A function waveform signal generator based on birefringence characteristics of a polarization-maintaining fiber (PMF) is proposed and studied. The generator adopts sinusoidal microwave signals to modulate continuous light waves, which are controlled by 45° polarization and then coupled into the PMF. By using the birefringence characteristics of the PMF, the paper introduces a controllable delay difference between two orthogonal optical field components of fast and slow axes. After the final photoelectric detection, the expression of photocurrent is composed of Fourier series cosine harmonics and sine harmonics featuring a 90° broadband bridge. Thus, the model has tunable function waveform output characteristics. Analysis shows that three variables are controlled by the generator, namely, the phase shift φ, the modulation coefficient β, and the delay difference τ, and theycan be used to adjust the harmonic coefficients of the Fourier series. The optical simulation software OptiSystem is used to build the structural diagram of the system and verify the simulation. The light source used in the system is a CW laser. The values of wavelength, power, and linewidth are set, and then the light is coupled to a signal-drive Mach-Zehnder modulator (SD-MZM) for modulation. The polarization state of the modulated signals is adjusted by a polarization controller so that the polarization state of the optical field is 45° from the polarization principal axis of the PMF. Due to the birefringence characteristics of the PMF, the two orthogonal polarized optical signals transmitted by the fast and slow axes will be transmitted at different group speeds, and the resulting delay difference is related to the access length of the PMF. According to the values calculated in the table, the access length of the PMF can be adjusted to realize the tuning of delay quantity. In order to evaluate the difference between the target function waveform and the generated waveform, the root mean square error is used to compare the similarity between the approximate waveform generated by the system scheme and the theoretical waveform.

A function waveform generator based on the birefringence characteristics of a PMF is presented and analyzed. According to the simulation experiment, trapezoidal wave signals with an adjustable top and edge (Fig. 4) and triangular wave signals (Fig. 6) with an adjustable symmetry factor are obtained, which are helpful for the application of multifunctional waveforms in high-speed signal processing. At the same time, by introducing adjustable and symmetry factors, the waveforms of triangular waves, sawtooth waves, trapezoidal waves, and rectangular waves are connected, so as to realize the output of multiple waveforms in a single system. Moreover, the proposed scheme does not need to fix the modulation coefficient, which makes the scheme have a more flexible parameter configuration and enriches the diversity of the signal generator.

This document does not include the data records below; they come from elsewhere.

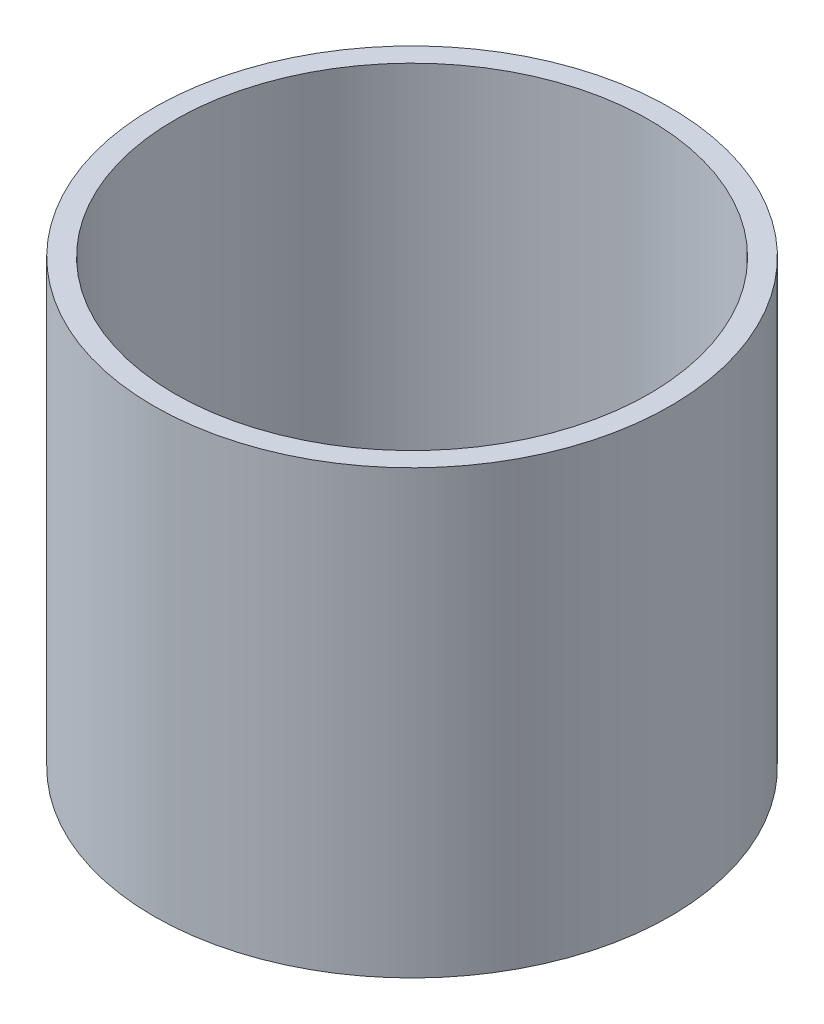
SolidWorks part; units mm, degrees
material "6061-T6 (SS)"
ref_plane "Front Plane" through (0, 0, 0) normal (0, 0, 1) x (1, 0, 0)
ref_plane "Top Plane" through (0, 0, 0) normal (0, 1, 0) x (1, 0, 0)
ref_plane "Right Plane" through (0, 0, 0) normal (1, 0, 0) x (0, 0, -1)
sketch "Sketch1" plane through (0, 0, 0) normal (0, 1, 0) x (1, 0, 0)
  circle A0 centre (0, 0) radius 24.5
  circle A1 centre (0, 0) radius 22.5
  dimension "D1" = 49
  dimension "D2" = 45
extrude "Boss-Extrude1" add sketch "Sketch1" along normal blind 41.9

An optical generator for generating function waveforms with high birefringence characteristics based on SD-MZM and PMF is proposed and described. By changing the delay difference τ and the phase shift φ caused by bias, trapezoidal waveforms with an adjustable top edge and triangular waveforms with an adjustable symmetry factor are generated. Compared with similar schemes, the proposed scheme does not need to fix the modulation coefficient and has a more flexible parameter configuration. The tunable performance of waveform and parameter control methods is discussed, and the simulation verification is carried out by using OptiSystem simulation software. It is found that when the root mean square error is less than or equal to 5%, the adjustable trapezoid waves (0≤δ≤30%) and the adjustable symmetrical triangular waves (20%≤σ≤80%) with better waveform quality can be obtained.